Locate, in the data below, the line that contains "line L1 (60, 16) -> (60, 0) projected" and the line that contains "line L26 (47.4, 4)"; reproduce exactly those two lines and every line between them, nothing more.

★ ★ ★ ★ ★

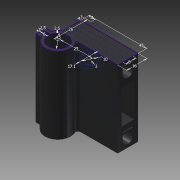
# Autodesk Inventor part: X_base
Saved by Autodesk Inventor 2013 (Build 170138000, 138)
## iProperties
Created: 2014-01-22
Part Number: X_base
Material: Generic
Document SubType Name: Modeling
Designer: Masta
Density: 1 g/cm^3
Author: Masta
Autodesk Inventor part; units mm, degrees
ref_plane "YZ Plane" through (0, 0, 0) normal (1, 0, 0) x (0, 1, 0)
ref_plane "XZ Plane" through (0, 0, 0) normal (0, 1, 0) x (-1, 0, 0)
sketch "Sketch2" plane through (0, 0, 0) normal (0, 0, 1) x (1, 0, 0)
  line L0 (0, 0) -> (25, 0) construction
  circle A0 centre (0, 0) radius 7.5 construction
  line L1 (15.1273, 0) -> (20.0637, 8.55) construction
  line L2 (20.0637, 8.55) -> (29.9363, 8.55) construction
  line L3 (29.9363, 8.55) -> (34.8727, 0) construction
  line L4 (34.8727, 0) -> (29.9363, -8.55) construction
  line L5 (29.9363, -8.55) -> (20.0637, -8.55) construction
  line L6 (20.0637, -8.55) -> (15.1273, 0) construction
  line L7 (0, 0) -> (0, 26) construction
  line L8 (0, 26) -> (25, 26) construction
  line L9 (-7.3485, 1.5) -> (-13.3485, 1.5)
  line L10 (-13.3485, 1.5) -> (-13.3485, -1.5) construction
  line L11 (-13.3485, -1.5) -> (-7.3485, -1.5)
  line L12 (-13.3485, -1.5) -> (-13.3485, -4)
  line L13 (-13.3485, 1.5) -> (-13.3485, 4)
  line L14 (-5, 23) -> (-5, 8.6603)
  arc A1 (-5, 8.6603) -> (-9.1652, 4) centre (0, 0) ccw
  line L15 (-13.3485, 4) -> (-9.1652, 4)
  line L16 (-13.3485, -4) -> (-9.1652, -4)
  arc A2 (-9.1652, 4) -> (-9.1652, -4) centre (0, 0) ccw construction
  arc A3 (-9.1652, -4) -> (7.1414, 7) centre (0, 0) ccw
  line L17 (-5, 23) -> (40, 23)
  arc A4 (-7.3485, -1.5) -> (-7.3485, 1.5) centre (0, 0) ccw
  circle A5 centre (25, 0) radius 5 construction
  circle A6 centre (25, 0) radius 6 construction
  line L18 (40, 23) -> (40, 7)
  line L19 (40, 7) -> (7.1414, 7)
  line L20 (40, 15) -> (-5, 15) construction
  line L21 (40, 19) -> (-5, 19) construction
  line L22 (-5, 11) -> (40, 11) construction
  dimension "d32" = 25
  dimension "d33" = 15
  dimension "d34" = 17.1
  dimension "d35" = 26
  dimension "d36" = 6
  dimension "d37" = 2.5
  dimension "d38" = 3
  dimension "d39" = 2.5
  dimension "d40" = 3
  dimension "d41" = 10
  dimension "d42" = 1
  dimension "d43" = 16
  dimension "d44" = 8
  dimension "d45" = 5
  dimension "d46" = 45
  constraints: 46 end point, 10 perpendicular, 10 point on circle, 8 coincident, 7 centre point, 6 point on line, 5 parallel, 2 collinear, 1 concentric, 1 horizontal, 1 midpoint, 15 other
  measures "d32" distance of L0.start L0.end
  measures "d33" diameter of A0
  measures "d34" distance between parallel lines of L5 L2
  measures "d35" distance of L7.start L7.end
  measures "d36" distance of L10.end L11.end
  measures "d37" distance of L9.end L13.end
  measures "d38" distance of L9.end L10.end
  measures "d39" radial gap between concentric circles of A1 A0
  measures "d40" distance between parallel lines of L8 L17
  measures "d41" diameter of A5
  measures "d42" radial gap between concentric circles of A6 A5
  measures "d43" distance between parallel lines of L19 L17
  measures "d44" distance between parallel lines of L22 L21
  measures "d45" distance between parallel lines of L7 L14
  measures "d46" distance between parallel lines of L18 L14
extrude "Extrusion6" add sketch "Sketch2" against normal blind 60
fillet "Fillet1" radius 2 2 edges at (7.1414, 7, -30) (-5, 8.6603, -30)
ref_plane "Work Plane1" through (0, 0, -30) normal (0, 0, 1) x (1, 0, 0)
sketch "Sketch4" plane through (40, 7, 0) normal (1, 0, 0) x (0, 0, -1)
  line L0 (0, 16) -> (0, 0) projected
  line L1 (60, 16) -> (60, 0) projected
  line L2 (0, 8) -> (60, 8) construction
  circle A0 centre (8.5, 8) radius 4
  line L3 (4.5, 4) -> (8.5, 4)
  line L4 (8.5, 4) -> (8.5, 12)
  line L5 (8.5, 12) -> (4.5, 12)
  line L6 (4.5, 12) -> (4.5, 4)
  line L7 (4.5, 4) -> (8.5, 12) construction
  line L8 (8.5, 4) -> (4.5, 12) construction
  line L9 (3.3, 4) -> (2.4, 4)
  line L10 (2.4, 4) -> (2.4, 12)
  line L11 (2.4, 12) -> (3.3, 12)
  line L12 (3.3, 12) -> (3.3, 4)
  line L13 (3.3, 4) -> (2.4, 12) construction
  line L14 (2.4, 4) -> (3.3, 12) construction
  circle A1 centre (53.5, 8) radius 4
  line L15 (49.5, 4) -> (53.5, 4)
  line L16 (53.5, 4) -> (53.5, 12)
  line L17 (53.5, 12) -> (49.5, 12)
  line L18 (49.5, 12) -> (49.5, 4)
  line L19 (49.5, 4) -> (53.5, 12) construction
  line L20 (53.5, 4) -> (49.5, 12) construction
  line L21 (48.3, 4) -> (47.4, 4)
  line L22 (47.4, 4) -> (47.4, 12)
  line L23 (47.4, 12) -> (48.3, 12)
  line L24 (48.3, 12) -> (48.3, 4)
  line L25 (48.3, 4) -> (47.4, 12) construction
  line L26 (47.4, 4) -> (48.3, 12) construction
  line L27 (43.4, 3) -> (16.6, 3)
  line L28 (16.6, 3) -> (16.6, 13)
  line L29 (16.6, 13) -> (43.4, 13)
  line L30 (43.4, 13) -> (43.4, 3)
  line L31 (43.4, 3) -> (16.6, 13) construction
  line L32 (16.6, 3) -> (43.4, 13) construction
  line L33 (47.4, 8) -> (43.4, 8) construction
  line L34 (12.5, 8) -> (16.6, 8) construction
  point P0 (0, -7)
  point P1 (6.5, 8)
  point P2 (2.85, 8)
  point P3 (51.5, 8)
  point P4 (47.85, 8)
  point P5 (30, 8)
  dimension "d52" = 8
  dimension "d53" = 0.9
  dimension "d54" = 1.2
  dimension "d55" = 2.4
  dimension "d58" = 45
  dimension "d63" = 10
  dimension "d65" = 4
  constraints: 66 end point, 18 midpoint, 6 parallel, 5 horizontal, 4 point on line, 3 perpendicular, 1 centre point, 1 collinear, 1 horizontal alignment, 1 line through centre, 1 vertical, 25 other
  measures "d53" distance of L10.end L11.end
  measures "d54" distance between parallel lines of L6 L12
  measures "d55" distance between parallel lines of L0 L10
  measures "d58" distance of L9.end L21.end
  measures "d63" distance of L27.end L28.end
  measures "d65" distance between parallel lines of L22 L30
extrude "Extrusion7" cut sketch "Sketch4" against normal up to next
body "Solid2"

★ ★ ★ ★ ★

§ **Exercise output**
  line L1 (60, 16) -> (60, 0) projected
  line L2 (0, 8) -> (60, 8) construction
  circle A0 centre (8.5, 8) radius 4
  line L3 (4.5, 4) -> (8.5, 4)
  line L4 (8.5, 4) -> (8.5, 12)
  line L5 (8.5, 12) -> (4.5, 12)
  line L6 (4.5, 12) -> (4.5, 4)
  line L7 (4.5, 4) -> (8.5, 12) construction
  line L8 (8.5, 4) -> (4.5, 12) construction
  line L9 (3.3, 4) -> (2.4, 4)
  line L10 (2.4, 4) -> (2.4, 12)
  line L11 (2.4, 12) -> (3.3, 12)
  line L12 (3.3, 12) -> (3.3, 4)
  line L13 (3.3, 4) -> (2.4, 12) construction
  line L14 (2.4, 4) -> (3.3, 12) construction
  circle A1 centre (53.5, 8) radius 4
  line L15 (49.5, 4) -> (53.5, 4)
  line L16 (53.5, 4) -> (53.5, 12)
  line L17 (53.5, 12) -> (49.5, 12)
  line L18 (49.5, 12) -> (49.5, 4)
  line L19 (49.5, 4) -> (53.5, 12) construction
  line L20 (53.5, 4) -> (49.5, 12) construction
  line L21 (48.3, 4) -> (47.4, 4)
  line L22 (47.4, 4) -> (47.4, 12)
  line L23 (47.4, 12) -> (48.3, 12)
  line L24 (48.3, 12) -> (48.3, 4)
  line L25 (48.3, 4) -> (47.4, 12) construction
  line L26 (47.4, 4) -> (48.3, 12) construction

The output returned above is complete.